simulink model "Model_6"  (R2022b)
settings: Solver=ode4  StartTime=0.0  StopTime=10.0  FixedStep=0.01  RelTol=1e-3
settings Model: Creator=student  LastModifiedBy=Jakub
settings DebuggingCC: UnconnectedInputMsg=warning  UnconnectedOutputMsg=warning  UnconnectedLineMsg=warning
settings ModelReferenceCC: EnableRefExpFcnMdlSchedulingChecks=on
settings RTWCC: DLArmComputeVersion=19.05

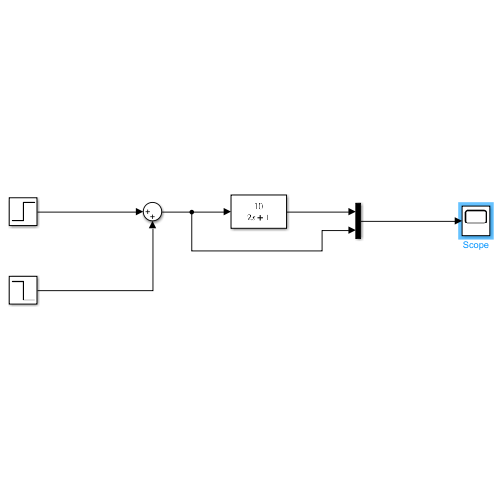
[thumbnail: Simulink's stored preview of the top-level diagram]
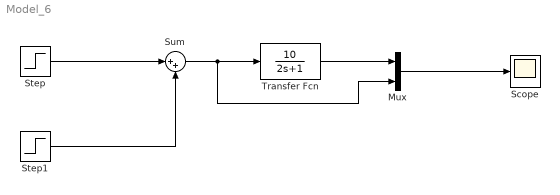
== system Model_6 ==
  Mux : Mux  Inputs=2
  Scope : Scope
  Step : Step  Time=0  After=10  SampleTime=0
  Step1 : Step  Time=0.1  After=-10  SampleTime=0
  Sum : Sum  Inputs=|++
  Transfer Fcn : TransferFcn  Numerator=[10]  Denominator=[2 1]
  wires:
  Mux/1 -> Scope/1
  Transfer Fcn/1 -> Mux/1
  Sum/1 -> Mux/2, Transfer Fcn/1
  Step/1 -> Sum/1
  Step1/1 -> Sum/2

◆ ◆ ◆ ◆ ◆

Leave out the pictures and give the listing above again exactly.

simulink model "Model_6"  (R2022b)
settings: Solver=ode4  StartTime=0.0  StopTime=10.0  FixedStep=0.01  RelTol=1e-3
settings Model: Creator=student  LastModifiedBy=Jakub
settings DebuggingCC: UnconnectedInputMsg=warning  UnconnectedOutputMsg=warning  UnconnectedLineMsg=warning
settings ModelReferenceCC: EnableRefExpFcnMdlSchedulingChecks=on
settings RTWCC: DLArmComputeVersion=19.05

[thumbnail: Simulink's stored preview of the top-level diagram]
== system Model_6 ==
  Mux : Mux  Inputs=2
  Scope : Scope
  Step : Step  Time=0  After=10  SampleTime=0
  Step1 : Step  Time=0.1  After=-10  SampleTime=0
  Sum : Sum  Inputs=|++
  Transfer Fcn : TransferFcn  Numerator=[10]  Denominator=[2 1]
  wires:
  Mux/1 -> Scope/1
  Transfer Fcn/1 -> Mux/1
  Sum/1 -> Mux/2, Transfer Fcn/1
  Step/1 -> Sum/1
  Step1/1 -> Sum/2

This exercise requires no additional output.